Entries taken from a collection
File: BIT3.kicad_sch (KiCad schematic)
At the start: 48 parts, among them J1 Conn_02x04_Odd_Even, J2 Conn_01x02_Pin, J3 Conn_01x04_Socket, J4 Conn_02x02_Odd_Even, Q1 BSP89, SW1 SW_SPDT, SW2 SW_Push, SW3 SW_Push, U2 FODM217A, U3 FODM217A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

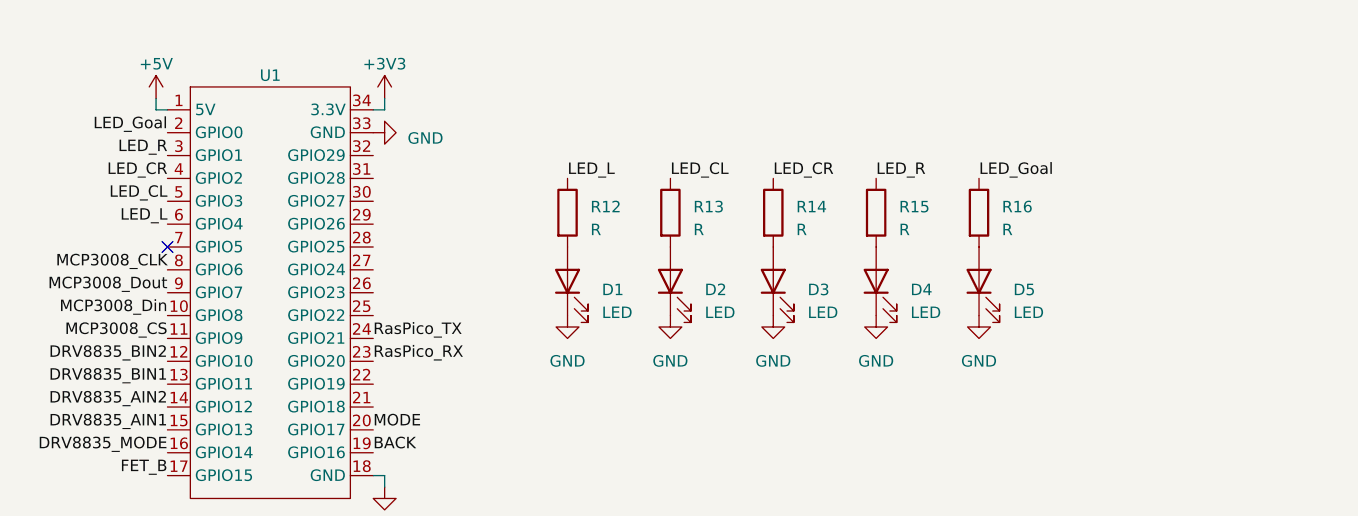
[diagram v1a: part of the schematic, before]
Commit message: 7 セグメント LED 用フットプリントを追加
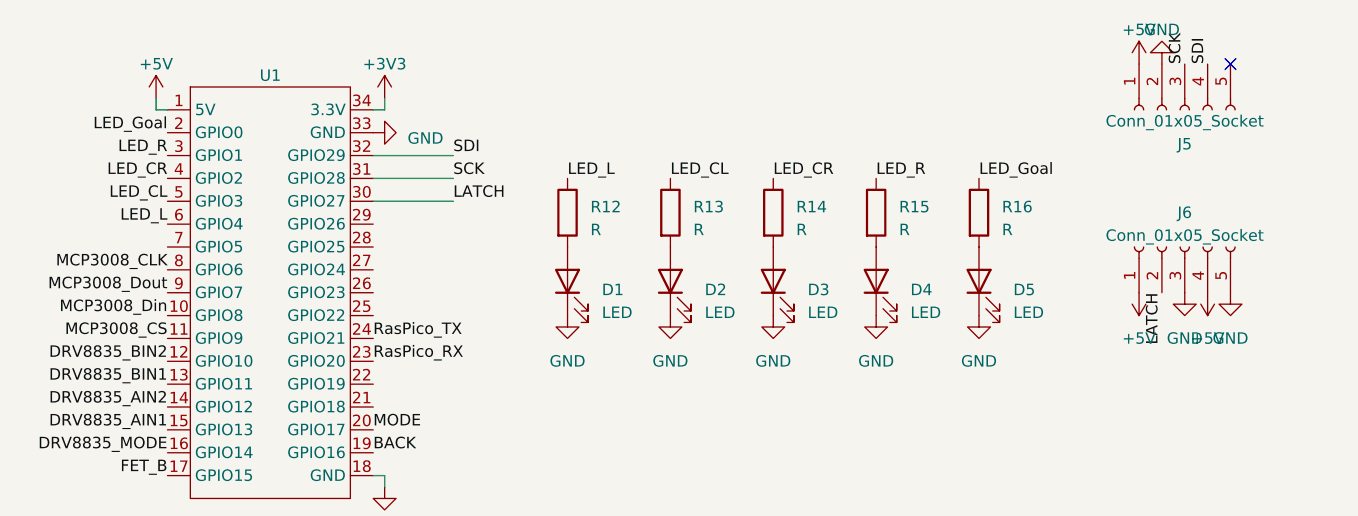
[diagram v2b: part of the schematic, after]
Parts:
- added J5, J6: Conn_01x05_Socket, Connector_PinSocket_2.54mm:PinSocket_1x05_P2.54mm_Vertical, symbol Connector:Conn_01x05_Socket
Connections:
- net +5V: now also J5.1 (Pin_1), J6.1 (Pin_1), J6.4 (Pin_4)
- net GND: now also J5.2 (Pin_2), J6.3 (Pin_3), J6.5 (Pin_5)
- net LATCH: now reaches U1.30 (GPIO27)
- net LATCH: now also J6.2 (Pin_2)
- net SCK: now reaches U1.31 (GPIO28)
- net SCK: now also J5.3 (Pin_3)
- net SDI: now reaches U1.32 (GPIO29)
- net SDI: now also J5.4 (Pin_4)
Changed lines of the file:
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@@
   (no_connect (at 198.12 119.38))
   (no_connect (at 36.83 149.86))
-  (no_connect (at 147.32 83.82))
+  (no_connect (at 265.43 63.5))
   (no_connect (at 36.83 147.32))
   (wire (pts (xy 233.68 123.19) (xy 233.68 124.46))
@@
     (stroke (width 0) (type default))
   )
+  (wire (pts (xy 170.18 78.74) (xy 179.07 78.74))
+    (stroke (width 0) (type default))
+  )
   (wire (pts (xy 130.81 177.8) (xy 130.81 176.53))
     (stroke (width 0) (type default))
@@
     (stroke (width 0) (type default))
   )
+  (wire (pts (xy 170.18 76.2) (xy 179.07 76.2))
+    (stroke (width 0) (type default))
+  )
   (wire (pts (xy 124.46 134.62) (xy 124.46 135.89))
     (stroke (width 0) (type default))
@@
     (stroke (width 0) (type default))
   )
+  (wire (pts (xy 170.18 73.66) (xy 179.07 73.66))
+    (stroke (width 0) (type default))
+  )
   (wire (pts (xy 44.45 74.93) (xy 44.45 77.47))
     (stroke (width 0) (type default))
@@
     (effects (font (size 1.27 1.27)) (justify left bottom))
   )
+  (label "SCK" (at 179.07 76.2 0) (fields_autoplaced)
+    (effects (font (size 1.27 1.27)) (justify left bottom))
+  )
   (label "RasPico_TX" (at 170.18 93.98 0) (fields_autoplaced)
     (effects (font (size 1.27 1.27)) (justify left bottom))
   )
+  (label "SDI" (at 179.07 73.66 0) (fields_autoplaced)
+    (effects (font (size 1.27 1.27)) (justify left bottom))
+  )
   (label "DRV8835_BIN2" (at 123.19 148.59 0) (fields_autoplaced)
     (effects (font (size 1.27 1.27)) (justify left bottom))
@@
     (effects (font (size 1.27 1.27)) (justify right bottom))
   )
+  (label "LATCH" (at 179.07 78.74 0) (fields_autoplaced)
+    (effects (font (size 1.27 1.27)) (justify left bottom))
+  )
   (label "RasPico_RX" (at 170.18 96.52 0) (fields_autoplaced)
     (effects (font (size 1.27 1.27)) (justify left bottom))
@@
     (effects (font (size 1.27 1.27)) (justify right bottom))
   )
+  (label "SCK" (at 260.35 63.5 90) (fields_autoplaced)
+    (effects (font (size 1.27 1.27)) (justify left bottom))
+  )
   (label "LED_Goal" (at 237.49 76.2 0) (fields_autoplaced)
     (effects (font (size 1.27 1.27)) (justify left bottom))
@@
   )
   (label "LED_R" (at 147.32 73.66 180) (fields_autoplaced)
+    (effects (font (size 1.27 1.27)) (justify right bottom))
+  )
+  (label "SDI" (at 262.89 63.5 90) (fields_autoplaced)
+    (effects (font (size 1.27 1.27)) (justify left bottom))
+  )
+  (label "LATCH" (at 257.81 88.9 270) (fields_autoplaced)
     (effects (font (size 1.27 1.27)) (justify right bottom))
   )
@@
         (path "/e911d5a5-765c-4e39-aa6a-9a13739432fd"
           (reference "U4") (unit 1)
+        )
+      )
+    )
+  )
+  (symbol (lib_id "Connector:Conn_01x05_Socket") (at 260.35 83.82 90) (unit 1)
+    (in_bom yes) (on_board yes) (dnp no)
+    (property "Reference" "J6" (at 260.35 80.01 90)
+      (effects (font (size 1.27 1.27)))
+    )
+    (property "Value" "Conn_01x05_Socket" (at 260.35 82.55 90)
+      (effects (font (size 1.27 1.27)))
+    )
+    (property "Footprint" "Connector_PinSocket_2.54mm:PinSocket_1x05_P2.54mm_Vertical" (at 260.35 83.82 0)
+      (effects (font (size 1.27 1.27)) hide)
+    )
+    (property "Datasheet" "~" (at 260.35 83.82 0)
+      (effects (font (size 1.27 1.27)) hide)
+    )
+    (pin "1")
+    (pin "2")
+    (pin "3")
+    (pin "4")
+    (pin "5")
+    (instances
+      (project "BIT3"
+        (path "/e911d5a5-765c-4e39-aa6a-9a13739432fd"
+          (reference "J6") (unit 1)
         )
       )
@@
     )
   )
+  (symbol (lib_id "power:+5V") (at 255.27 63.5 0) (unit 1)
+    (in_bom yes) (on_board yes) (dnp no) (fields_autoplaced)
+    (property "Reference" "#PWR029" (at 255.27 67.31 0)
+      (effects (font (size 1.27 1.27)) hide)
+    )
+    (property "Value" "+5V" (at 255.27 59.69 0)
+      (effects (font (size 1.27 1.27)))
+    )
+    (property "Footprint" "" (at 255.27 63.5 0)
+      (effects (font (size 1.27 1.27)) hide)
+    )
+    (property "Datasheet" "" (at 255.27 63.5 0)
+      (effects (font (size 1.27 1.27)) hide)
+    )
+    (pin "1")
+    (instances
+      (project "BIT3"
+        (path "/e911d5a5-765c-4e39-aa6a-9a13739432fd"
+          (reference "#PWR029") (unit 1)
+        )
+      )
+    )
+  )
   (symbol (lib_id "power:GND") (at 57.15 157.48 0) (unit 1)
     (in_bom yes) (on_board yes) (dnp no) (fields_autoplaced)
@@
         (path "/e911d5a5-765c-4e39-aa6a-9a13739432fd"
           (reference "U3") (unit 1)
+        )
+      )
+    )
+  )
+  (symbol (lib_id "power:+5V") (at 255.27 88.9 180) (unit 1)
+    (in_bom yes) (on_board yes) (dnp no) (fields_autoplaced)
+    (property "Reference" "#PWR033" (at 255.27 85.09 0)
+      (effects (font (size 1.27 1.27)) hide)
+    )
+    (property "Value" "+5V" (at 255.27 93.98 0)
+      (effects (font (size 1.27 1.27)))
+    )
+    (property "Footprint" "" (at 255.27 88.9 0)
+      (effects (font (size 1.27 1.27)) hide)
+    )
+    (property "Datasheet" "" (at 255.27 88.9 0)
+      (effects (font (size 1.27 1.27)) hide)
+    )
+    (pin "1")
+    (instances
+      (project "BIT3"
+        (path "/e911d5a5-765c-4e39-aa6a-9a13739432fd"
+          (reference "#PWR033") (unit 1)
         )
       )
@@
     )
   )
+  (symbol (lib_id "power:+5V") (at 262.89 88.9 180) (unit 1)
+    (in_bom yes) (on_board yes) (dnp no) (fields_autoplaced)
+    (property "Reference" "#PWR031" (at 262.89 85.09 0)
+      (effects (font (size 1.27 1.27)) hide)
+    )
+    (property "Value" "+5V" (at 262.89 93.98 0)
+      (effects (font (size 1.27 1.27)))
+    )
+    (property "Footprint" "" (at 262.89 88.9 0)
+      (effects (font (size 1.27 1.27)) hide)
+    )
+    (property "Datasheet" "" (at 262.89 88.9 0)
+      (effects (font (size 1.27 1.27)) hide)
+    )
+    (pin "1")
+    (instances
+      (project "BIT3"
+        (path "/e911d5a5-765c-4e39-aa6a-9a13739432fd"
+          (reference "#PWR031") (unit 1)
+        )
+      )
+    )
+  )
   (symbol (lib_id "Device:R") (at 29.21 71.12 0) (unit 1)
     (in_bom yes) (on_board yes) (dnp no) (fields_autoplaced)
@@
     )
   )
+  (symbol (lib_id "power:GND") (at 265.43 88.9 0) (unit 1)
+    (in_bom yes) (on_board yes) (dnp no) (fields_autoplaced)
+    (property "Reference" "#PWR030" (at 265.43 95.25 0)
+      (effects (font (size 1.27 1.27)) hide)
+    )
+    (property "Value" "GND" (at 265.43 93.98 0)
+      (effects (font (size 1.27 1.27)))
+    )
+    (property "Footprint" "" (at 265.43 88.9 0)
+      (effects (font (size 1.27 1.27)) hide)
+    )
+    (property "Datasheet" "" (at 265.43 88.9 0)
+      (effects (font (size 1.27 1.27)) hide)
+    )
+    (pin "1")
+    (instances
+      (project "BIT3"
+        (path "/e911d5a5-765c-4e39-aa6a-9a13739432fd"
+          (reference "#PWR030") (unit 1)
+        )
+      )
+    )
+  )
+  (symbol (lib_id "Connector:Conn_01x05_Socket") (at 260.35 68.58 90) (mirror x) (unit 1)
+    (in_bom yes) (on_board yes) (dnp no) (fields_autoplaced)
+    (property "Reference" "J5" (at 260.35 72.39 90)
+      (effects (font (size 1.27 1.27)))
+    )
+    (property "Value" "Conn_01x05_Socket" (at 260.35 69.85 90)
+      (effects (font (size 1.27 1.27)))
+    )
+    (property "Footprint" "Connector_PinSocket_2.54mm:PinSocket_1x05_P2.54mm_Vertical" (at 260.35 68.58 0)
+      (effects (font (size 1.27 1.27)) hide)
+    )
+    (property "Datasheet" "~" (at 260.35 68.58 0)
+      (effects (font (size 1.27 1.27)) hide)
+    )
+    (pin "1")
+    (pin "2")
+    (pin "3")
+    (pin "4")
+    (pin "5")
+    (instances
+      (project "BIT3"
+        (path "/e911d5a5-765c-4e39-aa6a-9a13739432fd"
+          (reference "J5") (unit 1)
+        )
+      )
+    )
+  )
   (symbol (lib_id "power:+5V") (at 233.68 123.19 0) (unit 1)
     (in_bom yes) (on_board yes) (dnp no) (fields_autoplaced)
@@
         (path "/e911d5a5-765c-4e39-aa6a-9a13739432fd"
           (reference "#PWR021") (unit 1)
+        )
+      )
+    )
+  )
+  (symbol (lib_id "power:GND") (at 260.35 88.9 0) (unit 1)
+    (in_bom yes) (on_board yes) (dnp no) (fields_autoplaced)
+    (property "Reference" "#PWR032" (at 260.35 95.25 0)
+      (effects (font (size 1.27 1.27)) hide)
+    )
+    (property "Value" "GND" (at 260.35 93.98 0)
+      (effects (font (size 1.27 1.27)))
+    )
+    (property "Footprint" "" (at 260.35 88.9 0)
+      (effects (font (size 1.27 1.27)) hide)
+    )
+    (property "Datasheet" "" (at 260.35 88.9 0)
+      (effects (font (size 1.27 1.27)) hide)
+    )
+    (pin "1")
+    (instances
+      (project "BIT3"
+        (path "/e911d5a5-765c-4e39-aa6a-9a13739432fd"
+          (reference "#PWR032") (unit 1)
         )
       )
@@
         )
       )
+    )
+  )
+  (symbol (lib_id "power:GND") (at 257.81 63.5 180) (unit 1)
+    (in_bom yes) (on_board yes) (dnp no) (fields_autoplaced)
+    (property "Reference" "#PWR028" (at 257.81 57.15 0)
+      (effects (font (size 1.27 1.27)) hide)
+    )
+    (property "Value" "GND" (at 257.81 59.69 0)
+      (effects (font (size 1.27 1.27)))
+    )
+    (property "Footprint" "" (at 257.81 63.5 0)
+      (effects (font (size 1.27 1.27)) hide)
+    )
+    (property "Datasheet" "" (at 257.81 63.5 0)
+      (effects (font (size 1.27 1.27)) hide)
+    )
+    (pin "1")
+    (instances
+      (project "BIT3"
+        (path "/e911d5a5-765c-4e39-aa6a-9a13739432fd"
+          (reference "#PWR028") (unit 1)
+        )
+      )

__Required action__. Your answer must consist only of the lines from the start of the records above through the line with "At the start: 48", each retyped exactly.

__Task result__.
File: BIT3.kicad_sch (KiCad schematic)
At the start: 48 parts, among them J1 Conn_02x04_Odd_Even, J2 Conn_01x02_Pin, J3 Conn_01x04_Socket, J4 Conn_02x02_Odd_Even, Q1 BSP89, SW1 SW_SPDT, SW2 SW_Push, SW3 SW_Push, U2 FODM217A, U3 FODM217A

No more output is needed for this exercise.